• **Your goal**:
Reproduce the data exactly.

• **Material for the task**:
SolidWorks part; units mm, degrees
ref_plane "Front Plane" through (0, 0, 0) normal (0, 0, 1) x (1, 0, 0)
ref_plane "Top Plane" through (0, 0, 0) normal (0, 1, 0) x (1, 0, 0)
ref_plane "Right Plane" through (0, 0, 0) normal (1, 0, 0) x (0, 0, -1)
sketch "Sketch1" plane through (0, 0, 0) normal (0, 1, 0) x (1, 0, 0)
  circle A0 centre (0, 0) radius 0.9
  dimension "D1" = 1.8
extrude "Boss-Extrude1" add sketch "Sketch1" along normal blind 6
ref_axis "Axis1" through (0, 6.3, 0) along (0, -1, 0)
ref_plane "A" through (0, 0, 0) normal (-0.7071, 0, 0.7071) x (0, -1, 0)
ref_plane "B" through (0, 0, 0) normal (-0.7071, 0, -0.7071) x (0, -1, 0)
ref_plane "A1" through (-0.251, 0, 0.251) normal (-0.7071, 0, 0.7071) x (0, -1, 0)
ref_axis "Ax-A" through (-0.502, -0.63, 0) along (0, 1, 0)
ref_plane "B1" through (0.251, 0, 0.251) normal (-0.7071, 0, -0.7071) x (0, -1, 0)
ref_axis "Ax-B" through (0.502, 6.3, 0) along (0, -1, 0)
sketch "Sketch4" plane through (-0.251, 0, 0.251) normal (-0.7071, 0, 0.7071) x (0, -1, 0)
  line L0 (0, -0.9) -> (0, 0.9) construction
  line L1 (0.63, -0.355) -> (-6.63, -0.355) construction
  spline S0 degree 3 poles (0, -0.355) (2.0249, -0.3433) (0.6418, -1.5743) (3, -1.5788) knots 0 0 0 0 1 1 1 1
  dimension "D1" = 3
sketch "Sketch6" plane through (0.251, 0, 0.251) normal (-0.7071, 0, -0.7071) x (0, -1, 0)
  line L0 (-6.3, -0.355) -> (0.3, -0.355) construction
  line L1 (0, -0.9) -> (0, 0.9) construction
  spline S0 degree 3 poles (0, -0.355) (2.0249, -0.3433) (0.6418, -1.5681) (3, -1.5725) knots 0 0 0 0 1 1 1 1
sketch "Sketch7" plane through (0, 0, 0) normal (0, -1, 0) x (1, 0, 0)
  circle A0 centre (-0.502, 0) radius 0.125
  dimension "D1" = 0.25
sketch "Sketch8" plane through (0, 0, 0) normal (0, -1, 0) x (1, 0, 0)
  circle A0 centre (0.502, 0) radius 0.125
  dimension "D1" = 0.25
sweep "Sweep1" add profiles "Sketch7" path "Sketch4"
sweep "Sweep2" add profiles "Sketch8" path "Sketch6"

• **Response**:
SolidWorks part; units mm, degrees
ref_plane "Front Plane" through (0, 0, 0) normal (0, 0, 1) x (1, 0, 0)
ref_plane "Top Plane" through (0, 0, 0) normal (0, 1, 0) x (1, 0, 0)
ref_plane "Right Plane" through (0, 0, 0) normal (1, 0, 0) x (0, 0, -1)
sketch "Sketch1" plane through (0, 0, 0) normal (0, 1, 0) x (1, 0, 0)
  circle A0 centre (0, 0) radius 0.9
  dimension "D1" = 1.8
extrude "Boss-Extrude1" add sketch "Sketch1" along normal blind 6
ref_axis "Axis1" through (0, 6.3, 0) along (0, -1, 0)
ref_plane "A" through (0, 0, 0) normal (-0.7071, 0, 0.7071) x (0, -1, 0)
ref_plane "B" through (0, 0, 0) normal (-0.7071, 0, -0.7071) x (0, -1, 0)
ref_plane "A1" through (-0.251, 0, 0.251) normal (-0.7071, 0, 0.7071) x (0, -1, 0)
ref_axis "Ax-A" through (-0.502, -0.63, 0) along (0, 1, 0)
ref_plane "B1" through (0.251, 0, 0.251) normal (-0.7071, 0, -0.7071) x (0, -1, 0)
ref_axis "Ax-B" through (0.502, 6.3, 0) along (0, -1, 0)
sketch "Sketch4" plane through (-0.251, 0, 0.251) normal (-0.7071, 0, 0.7071) x (0, -1, 0)
  line L0 (0, -0.9) -> (0, 0.9) construction
  line L1 (0.63, -0.355) -> (-6.63, -0.355) construction
  spline S0 degree 3 poles (0, -0.355) (2.0249, -0.3433) (0.6418, -1.5743) (3, -1.5788) knots 0 0 0 0 1 1 1 1
  dimension "D1" = 3
sketch "Sketch6" plane through (0.251, 0, 0.251) normal (-0.7071, 0, -0.7071) x (0, -1, 0)
  line L0 (-6.3, -0.355) -> (0.3, -0.355) construction
  line L1 (0, -0.9) -> (0, 0.9) construction
  spline S0 degree 3 poles (0, -0.355) (2.0249, -0.3433) (0.6418, -1.5681) (3, -1.5725) knots 0 0 0 0 1 1 1 1
sketch "Sketch7" plane through (0, 0, 0) normal (0, -1, 0) x (1, 0, 0)
  circle A0 centre (-0.502, 0) radius 0.125
  dimension "D1" = 0.25
sketch "Sketch8" plane through (0, 0, 0) normal (0, -1, 0) x (1, 0, 0)
  circle A0 centre (0.502, 0) radius 0.125
  dimension "D1" = 0.25
sweep "Sweep1" add profiles "Sketch7" path "Sketch4"
sweep "Sweep2" add profiles "Sketch8" path "Sketch6"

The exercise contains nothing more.